[[ Information given open ]]

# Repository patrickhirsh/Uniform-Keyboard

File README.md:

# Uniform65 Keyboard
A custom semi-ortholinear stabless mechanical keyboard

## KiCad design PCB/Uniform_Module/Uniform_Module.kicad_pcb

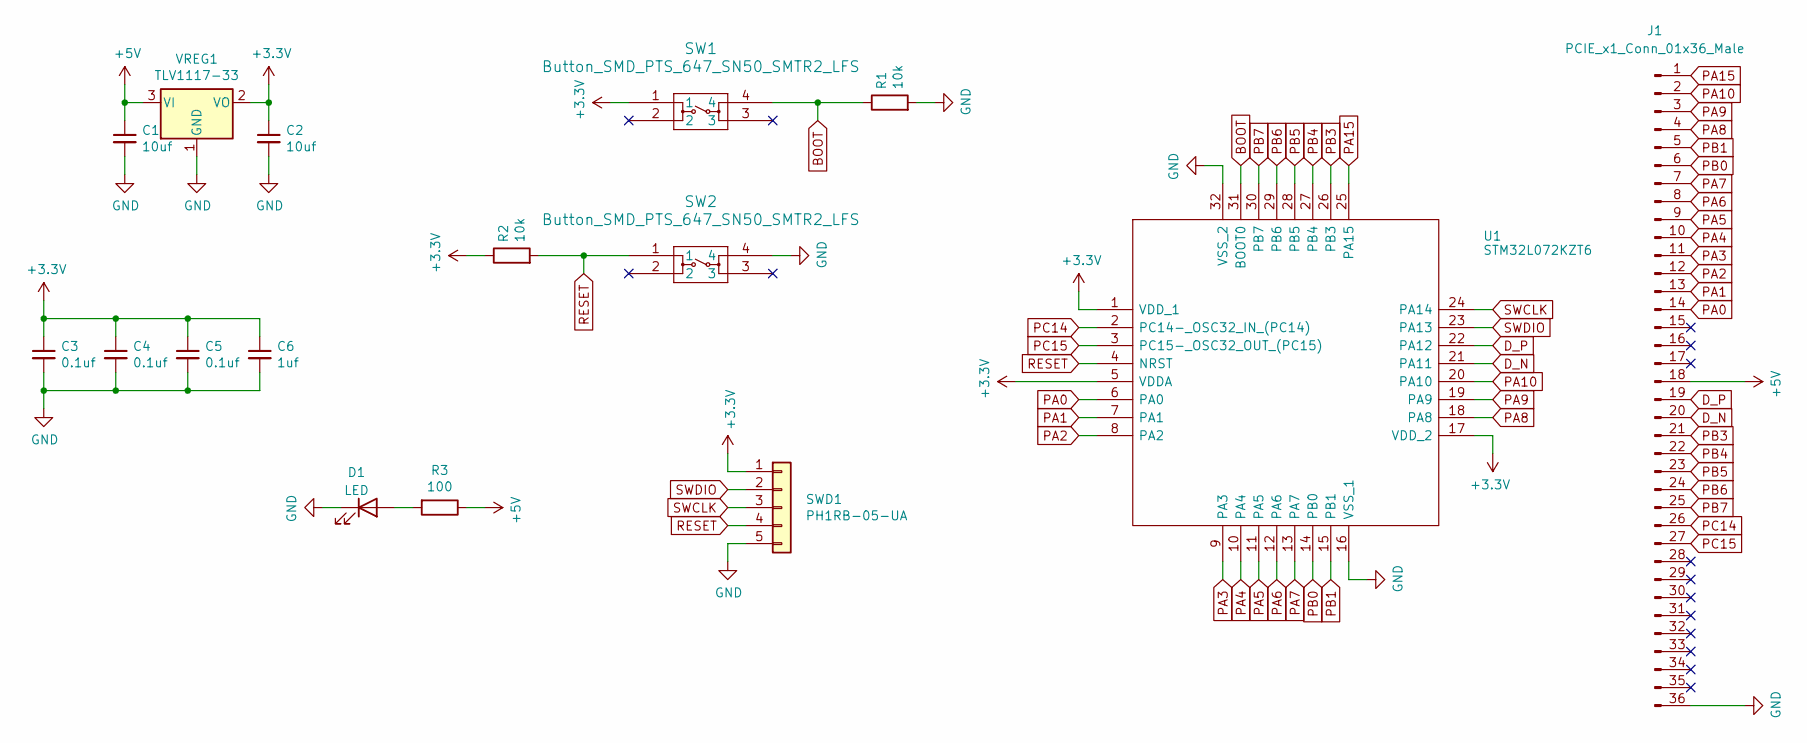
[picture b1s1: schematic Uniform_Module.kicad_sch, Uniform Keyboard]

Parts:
C1, C2: 10uf; C_0603_1608Metric_Pad1.08x0.95mm_HandSolder
C3, C4, C5: 0.1uf; C_0603_1608Metric_Pad1.08x0.95mm_HandSolder
C6: 1uf; C_0603_1608Metric_Pad1.08x0.95mm_HandSolder
D1: LED; LED_0603_1608Metric_Pad1.05x0.95mm_HandSolder
J1: PCIE_x1_Conn_01x36_Male; SAMTEC_PCIE_x1_CARD_EDGE_02_X_D_TH
R1, R2: 10k; R_0603_1608Metric_Pad0.98x0.95mm_HandSolder
R3: 100; R_0603_1608Metric_Pad0.98x0.95mm_HandSolder
SW1, SW2: Button_SMD_PTS_647_SN50_SMTR2_LFS; Button SMD PTS 647 SN50 SMTR2 LFS
SWD1: PH1RB-05-UA; PinHeader_1x05_P2.54mm_Vertical
U1: STM32L072KZT6; QFP80P900X900X160-32N; Mouser Part Number 511-STM32L072KZT6
VREG1: TLV1117-33; SOT230P700X180-4N

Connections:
+3V3: C2.1, C3.1, C4.1, C5.1, C6.1, R2.1, SW1.1, SWD1.1, U1.1 (VDD_1), U1.5 (VDDA), U1.17 (VDD_2), VREG1.2 (VO)
+5V: C1.1, J1.18, R3.1, VREG1.3 (VI)
BOOT: R1.1, SW1.4, U1.31 (BOOT0)
D_N: J1.20, U1.21 (PA11)
D_P: J1.19, U1.22 (PA12)
GND: C1.2, C2.2, C3.2, C4.2, C5.2, C6.2, D1.1 (K), J1.36, R1.2, SW2.4, SWD1.5, U1.16 (VSS_1), U1.32 (VSS_2), VREG1.1 (GND)
unnamed: D1.2 (A), R3.2
PA0: J1.14, U1.6 (PA0)
PA1: J1.13, U1.7 (PA1)
PA2: J1.12, U1.8 (PA2)
PA3: J1.11, U1.9 (PA3)
PA4: J1.10, U1.10 (PA4)
PA5: J1.9, U1.11 (PA5)
PA6: J1.8, U1.12 (PA6)
PA7: J1.7, U1.13 (PA7)
PA8: J1.4, U1.18 (PA8)
PA9: J1.3, U1.19 (PA9)
PA10: J1.2, U1.20 (PA10)
PA15: J1.1, U1.25 (PA15)
PB0: J1.6, U1.14 (PB0)
PB1: J1.5, U1.15 (PB1)
PB3: J1.21, U1.26 (PB3)
PB4: J1.22, U1.27 (PB4)
PB5: J1.23, U1.28 (PB5)
PB6: J1.24, U1.29 (PB6)
PB7: J1.25, U1.30 (PB7)
PC14: J1.26, U1.2 (PC14-_OSC32_IN_(PC14))
PC15: J1.27, U1.3 (PC15-_OSC32_OUT_(PC15))
RESET: R2.2, SW2.1, SWD1.4, U1.4 (NRST)
SWCLK: SWD1.3, U1.24 (PA14)
SWDIO: SWD1.2, U1.23 (PA13)

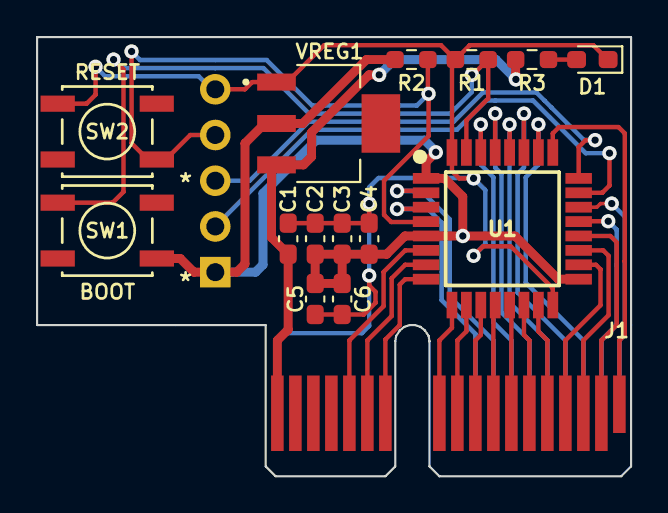
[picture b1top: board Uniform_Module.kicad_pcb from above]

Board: 2 copper layers, 33.0 x 24.4 mm, 16 parts (1 on the bottom side), 31 nets.

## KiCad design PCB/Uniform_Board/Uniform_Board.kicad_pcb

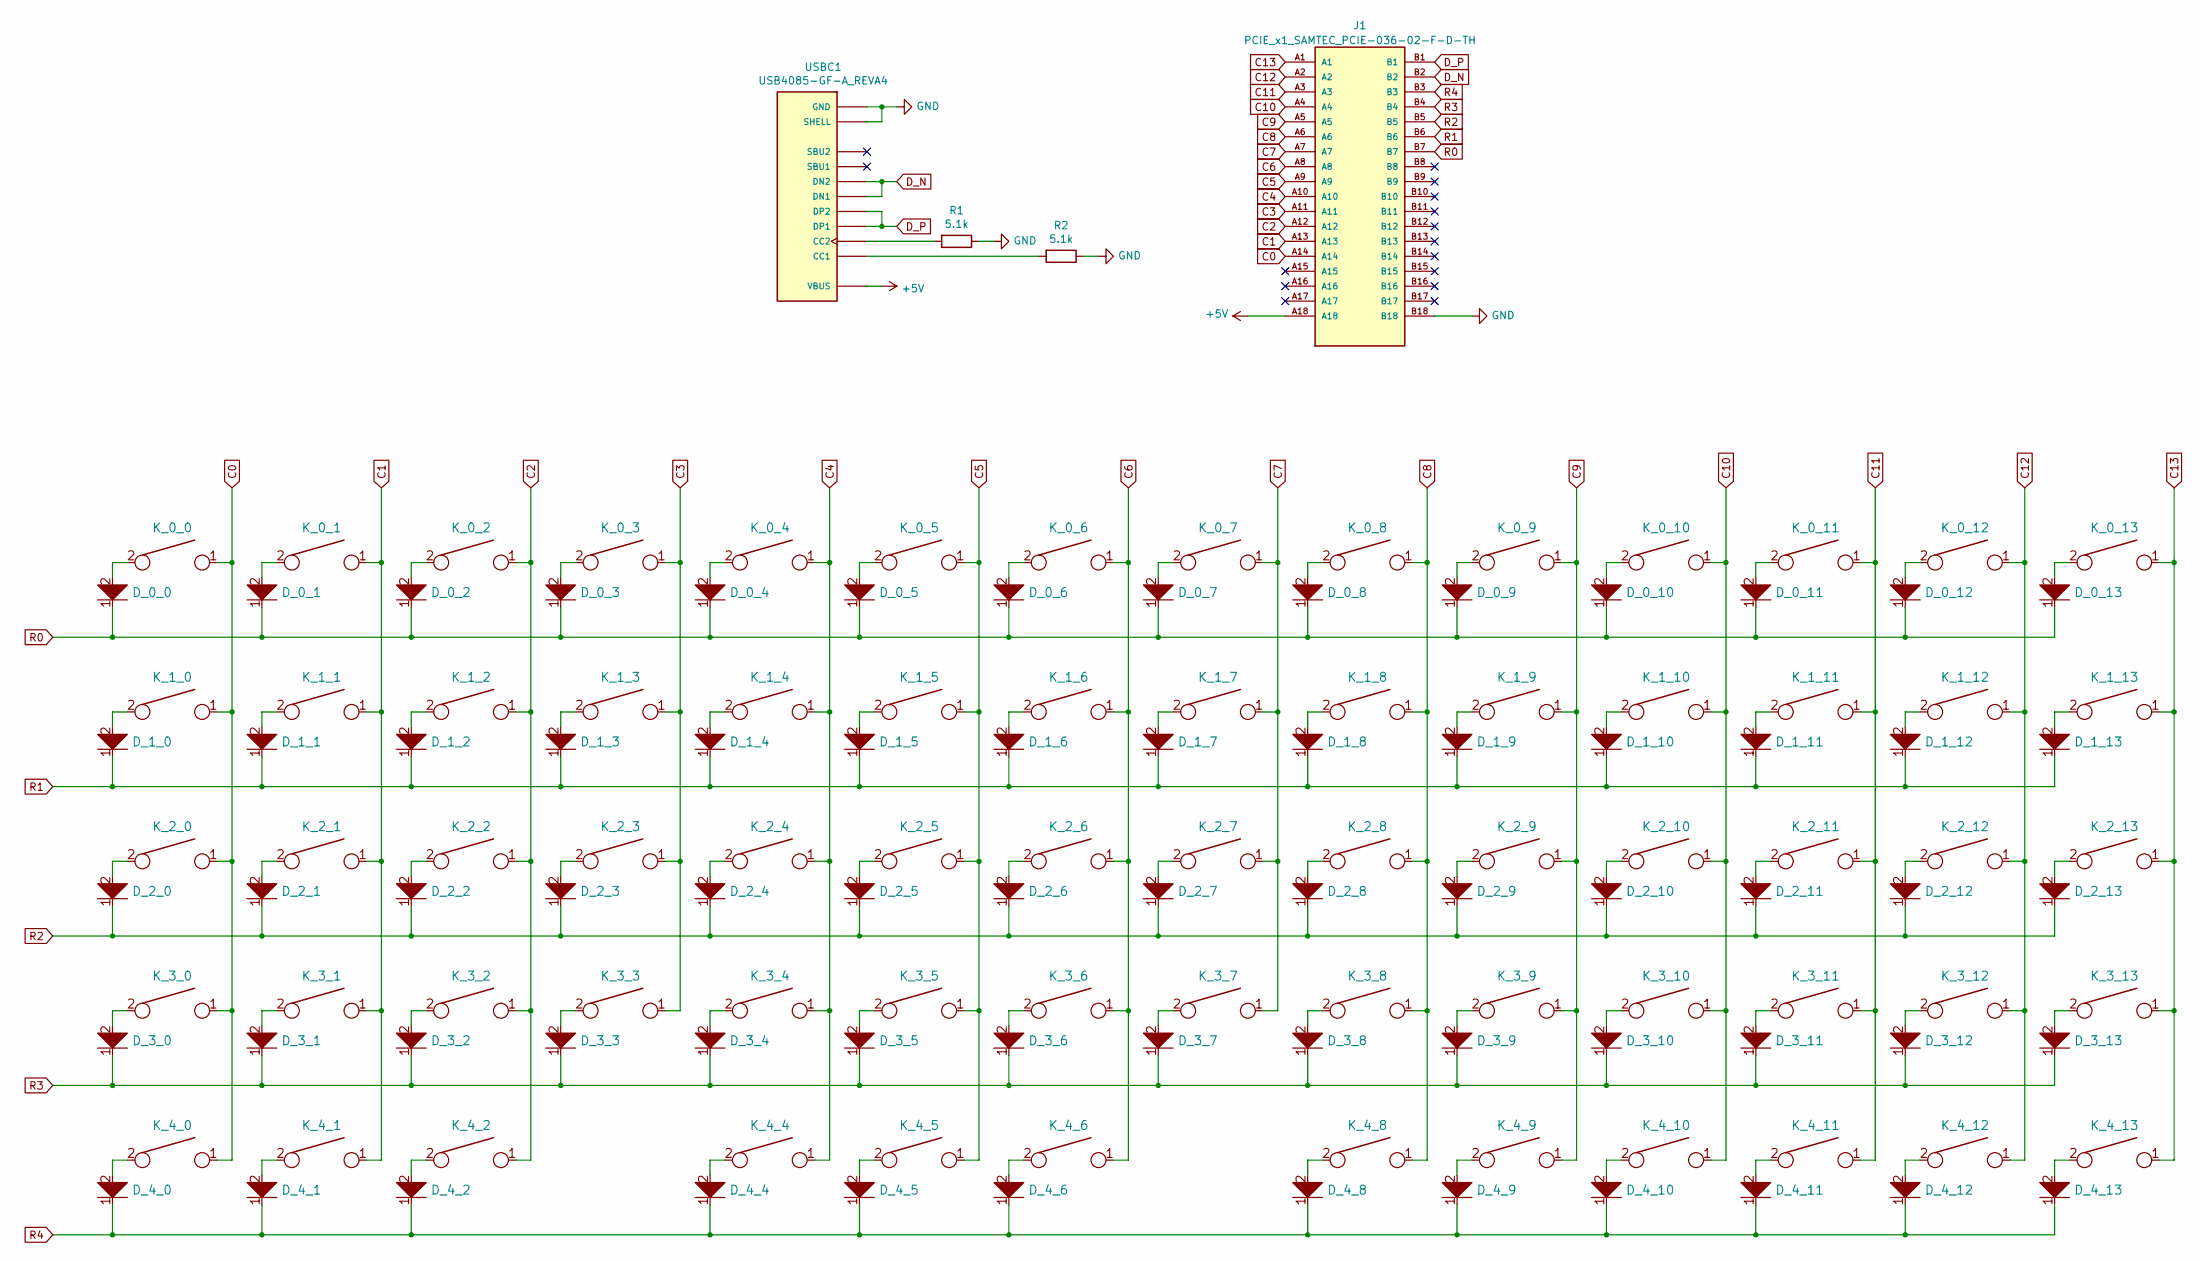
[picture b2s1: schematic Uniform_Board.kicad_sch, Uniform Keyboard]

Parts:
D_0_0, D_0_1, D_0_2, D_0_3, D_0_4, D_0_5, D_0_6, D_0_7, D_0_8, D_0_9, D_0_10, D_0_11, D_0_12, D_0_13, D_1_0, D_1_1, D_1_2, D_1_3, D_1_4, D_1_5, D_1_6, D_1_7, D_1_8, D_1_9, D_1_10, D_1_11, D_1_12, D_1_13, D_2_0, D_2_1, D_2_2, D_2_3, D_2_4, D_2_5, D_2_6, D_2_7, D_2_8, D_2_9, D_2_10, D_2_11, D_2_12, D_2_13, D_3_0, D_3_1, D_3_2, D_3_3, D_3_4, D_3_5, D_3_6, D_3_7, D_3_8, D_3_9, D_3_10, D_3_11, D_3_12, D_3_13, D_4_0, D_4_1, D_4_2, D_4_4, D_4_5, D_4_6, D_4_8, D_4_9, D_4_10, D_4_11, D_4_12, D_4_13: D; Diode_DIOAD829W49L456D191
J1: PCIE_x1_SAMTEC_PCIE-036-02-F-D-TH; SAMTEC_PCIE-036-02-F-D-TH
K_0_0, K_0_1, K_0_2, K_0_3, K_0_4, K_0_5, K_0_6, K_0_7, K_0_8, K_0_9, K_0_10, K_0_11, K_0_12, K_0_13, K_1_0, K_1_1, K_1_2, K_1_3, K_1_4, K_1_5, K_1_6, K_1_7, K_1_8, K_1_9, K_1_10, K_1_11, K_1_12, K_1_13, K_2_0, K_2_1, K_2_2, K_2_3, K_2_4, K_2_5, K_2_6, K_2_7, K_2_8, K_2_9, K_2_10, K_2_11, K_2_12, K_2_13, K_3_0, K_3_1, K_3_2, K_3_3, K_3_4, K_3_5, K_3_6, K_3_7, K_3_8, K_3_9, K_3_10, K_3_11, K_3_12, K_3_13, K_4_0, K_4_1, K_4_2, K_4_4, K_4_5, K_4_6, K_4_8, K_4_9, K_4_10, K_4_11, K_4_12, K_4_13: KEYSW; SW_MX
R1, R2: 5.1k; R_0603_1608Metric_Pad0.98x0.95mm_HandSolder
USBC1: USB4085-GF-A_REVA4; USBC_USB4085-GF-A; PARTREV A4

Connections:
+5V: J1.A18, USBC1.A4 (VBUS), USBC1.A9 (VBUS), USBC1.B4 (VBUS), USBC1.B9 (VBUS)
C0: J1.A14, K_0_0.1, K_1_0.1, K_2_0.1, K_3_0.1, K_4_0.1
C1: J1.A13, K_0_1.1, K_1_1.1, K_2_1.1, K_3_1.1, K_4_1.1
C2: J1.A12, K_0_2.1, K_1_2.1, K_2_2.1, K_3_2.1, K_4_2.1
C3: J1.A11, K_0_3.1, K_1_3.1, K_2_3.1, K_3_3.1
C4: J1.A10, K_0_4.1, K_1_4.1, K_2_4.1, K_3_4.1, K_4_4.1
C5: J1.A9, K_0_5.1, K_1_5.1, K_2_5.1, K_3_5.1, K_4_5.1
C6: J1.A8, K_0_6.1, K_1_6.1, K_2_6.1, K_3_6.1, K_4_6.1
C7: J1.A7, K_0_7.1, K_1_7.1, K_2_7.1, K_3_7.1
C8: J1.A6, K_0_8.1, K_1_8.1, K_2_8.1, K_3_8.1, K_4_8.1
C9: J1.A5, K_0_9.1, K_1_9.1, K_2_9.1, K_3_9.1, K_4_9.1
C10: J1.A4, K_0_10.1, K_1_10.1, K_2_10.1, K_3_10.1, K_4_10.1
C11: J1.A3, K_0_11.1, K_1_11.1, K_2_11.1, K_3_11.1, K_4_11.1
C12: J1.A2, K_0_12.1, K_1_12.1, K_2_12.1, K_3_12.1, K_4_12.1
C13: J1.A1, K_0_13.1, K_1_13.1, K_2_13.1, K_3_13.1, K_4_13.1
D_N: J1.B2, USBC1.A7 (DN1), USBC1.B7 (DN2)
D_P: J1.B1, USBC1.A6 (DP1), USBC1.B6 (DP2)
GND: J1.B18, R1.1, R2.1, USBC1.A1 (GND), USBC1.A12 (GND), USBC1.B1 (GND), USBC1.B12 (GND), USBC1.P1 (SHELL), USBC1.P2 (SHELL), USBC1.P3 (SHELL), USBC1.P4 (SHELL)
unnamed: D_0_0.2, K_0_0.2
unnamed: D_0_1.2, K_0_1.2
unnamed: D_0_2.2, K_0_2.2
unnamed: D_0_3.2, K_0_3.2
unnamed: D_0_4.2, K_0_4.2
unnamed: D_0_5.2, K_0_5.2
unnamed: D_0_6.2, K_0_6.2
unnamed: D_0_7.2, K_0_7.2
unnamed: D_0_8.2, K_0_8.2
unnamed: D_0_9.2, K_0_9.2
unnamed: D_0_10.2, K_0_10.2
unnamed: D_0_11.2, K_0_11.2
unnamed: D_0_12.2, K_0_12.2
unnamed: D_0_13.2, K_0_13.2
unnamed: D_1_0.2, K_1_0.2
unnamed: D_1_1.2, K_1_1.2
unnamed: D_1_2.2, K_1_2.2
unnamed: D_1_3.2, K_1_3.2
unnamed: D_1_4.2, K_1_4.2
unnamed: D_1_5.2, K_1_5.2
unnamed: D_1_6.2, K_1_6.2
unnamed: D_1_7.2, K_1_7.2
unnamed: D_1_8.2, K_1_8.2
unnamed: D_1_9.2, K_1_9.2
unnamed: D_1_10.2, K_1_10.2
unnamed: D_1_11.2, K_1_11.2
unnamed: D_1_12.2, K_1_12.2
unnamed: D_1_13.2, K_1_13.2
unnamed: D_2_0.2, K_2_0.2
unnamed: D_2_1.2, K_2_1.2
unnamed: D_2_2.2, K_2_2.2
unnamed: D_2_3.2, K_2_3.2
unnamed: D_2_4.2, K_2_4.2
unnamed: D_2_5.2, K_2_5.2
unnamed: D_2_6.2, K_2_6.2
unnamed: D_2_7.2, K_2_7.2
unnamed: D_2_8.2, K_2_8.2
unnamed: D_2_9.2, K_2_9.2
unnamed: D_2_10.2, K_2_10.2
unnamed: D_2_11.2, K_2_11.2
unnamed: D_2_12.2, K_2_12.2
unnamed: D_2_13.2, K_2_13.2
unnamed: D_3_0.2, K_3_0.2
unnamed: D_3_1.2, K_3_1.2
unnamed: D_3_2.2, K_3_2.2
unnamed: D_3_3.2, K_3_3.2
unnamed: D_3_4.2, K_3_4.2
unnamed: D_3_5.2, K_3_5.2
unnamed: D_3_6.2, K_3_6.2
unnamed: D_3_7.2, K_3_7.2
unnamed: D_3_8.2, K_3_8.2
unnamed: D_3_9.2, K_3_9.2
unnamed: D_3_10.2, K_3_10.2
unnamed: D_3_11.2, K_3_11.2
unnamed: D_3_12.2, K_3_12.2
unnamed: D_3_13.2, K_3_13.2
unnamed: D_4_0.2, K_4_0.2
unnamed: D_4_1.2, K_4_1.2
unnamed: D_4_2.2, K_4_2.2
unnamed: D_4_4.2, K_4_4.2
unnamed: D_4_5.2, K_4_5.2
unnamed: D_4_6.2, K_4_6.2
unnamed: D_4_8.2, K_4_8.2
unnamed: D_4_9.2, K_4_9.2
unnamed: D_4_10.2, K_4_10.2
unnamed: D_4_11.2, K_4_11.2
unnamed: D_4_12.2, K_4_12.2
unnamed: D_4_13.2, K_4_13.2
unnamed: R1.2, USBC1.B5 (CC2)
unnamed: R2.2, USBC1.A5 (CC1)
R0: D_0_0.1, D_0_1.1, D_0_2.1, D_0_3.1, D_0_4.1, D_0_5.1, D_0_6.1, D_0_7.1, D_0_8.1, D_0_9.1, D_0_10.1, D_0_11.1, D_0_12.1, D_0_13.1, J1.B7
R1: D_1_0.1, D_1_1.1, D_1_2.1, D_1_3.1, D_1_4.1, D_1_5.1, D_1_6.1, D_1_7.1, D_1_8.1, D_1_9.1, D_1_10.1, D_1_11.1, D_1_12.1, D_1_13.1, J1.B6
R2: D_2_0.1, D_2_1.1, D_2_2.1, D_2_3.1, D_2_4.1, D_2_5.1, D_2_6.1, D_2_7.1, D_2_8.1, D_2_9.1, D_2_10.1, D_2_11.1, D_2_12.1, D_2_13.1, J1.B5
R3: D_3_0.1, D_3_1.1, D_3_2.1, D_3_3.1, D_3_4.1, D_3_5.1, D_3_6.1, D_3_7.1, D_3_8.1, D_3_9.1, D_3_10.1, D_3_11.1, D_3_12.1, D_3_13.1, J1.B4
R4: D_4_0.1, D_4_1.1, D_4_2.1, D_4_4.1, D_4_5.1, D_4_6.1, D_4_8.1, D_4_9.1, D_4_10.1, D_4_11.1, D_4_12.1, D_4_13.1, J1.B3

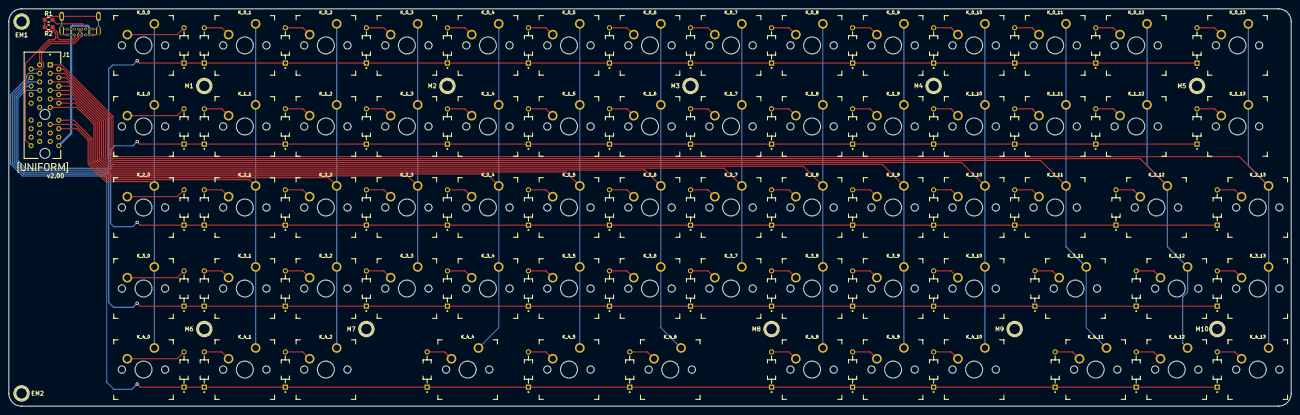
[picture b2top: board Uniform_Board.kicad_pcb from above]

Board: 2 copper layers, 301.5 x 93.4 mm, 152 parts (1 on the bottom side), 93 nets.

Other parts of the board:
EM1, EM2: MountingHole_2.7mm_M2.5
M1, M2, M3, M4, M5, M6, M7, M8, M9, M10: MountingHole_2.7mm_M2.5

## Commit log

2022-02-04 added layout schematic
2022-02-05 Added gaps in bottom row schematic
2022-02-06 added KiCad libraries and new reference material
2022-02-06 keyboard matrix schema finished
2022-02-06 added diode labels
2022-02-06 added crystal, voltage regulator, and boot/reset switches
2022-02-07 added usb module to schema
2022-02-07 mostly finished schema - need to select crystal and change flanking capacitor values accordingly
2022-02-08 Switched MCUs to STM32L072KZT6 because the F3 series went out of stock..
2022-02-09 Schematic complete
2022-02-09 switch footprints layed out on PCB
2022-02-10 finished board outline
2022-02-10 flipped exposed PCB side to make room for USBC pins
2022-02-10 full layout first pass
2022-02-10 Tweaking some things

[[ Information given closed ]]

§ Task objective
Each line from the first line of the listing through the line with "C1, C2: 10uf;" must be printed exactly, both ends included, and no picture may appear.

§ Your solution
# Repository patrickhirsh/Uniform-Keyboard

File README.md:

# Uniform65 Keyboard
A custom semi-ortholinear stabless mechanical keyboard

## KiCad design PCB/Uniform_Module/Uniform_Module.kicad_pcb

[picture b1s1: schematic Uniform_Module.kicad_sch, Uniform Keyboard]

Parts:
C1, C2: 10uf; C_0603_1608Metric_Pad1.08x0.95mm_HandSolder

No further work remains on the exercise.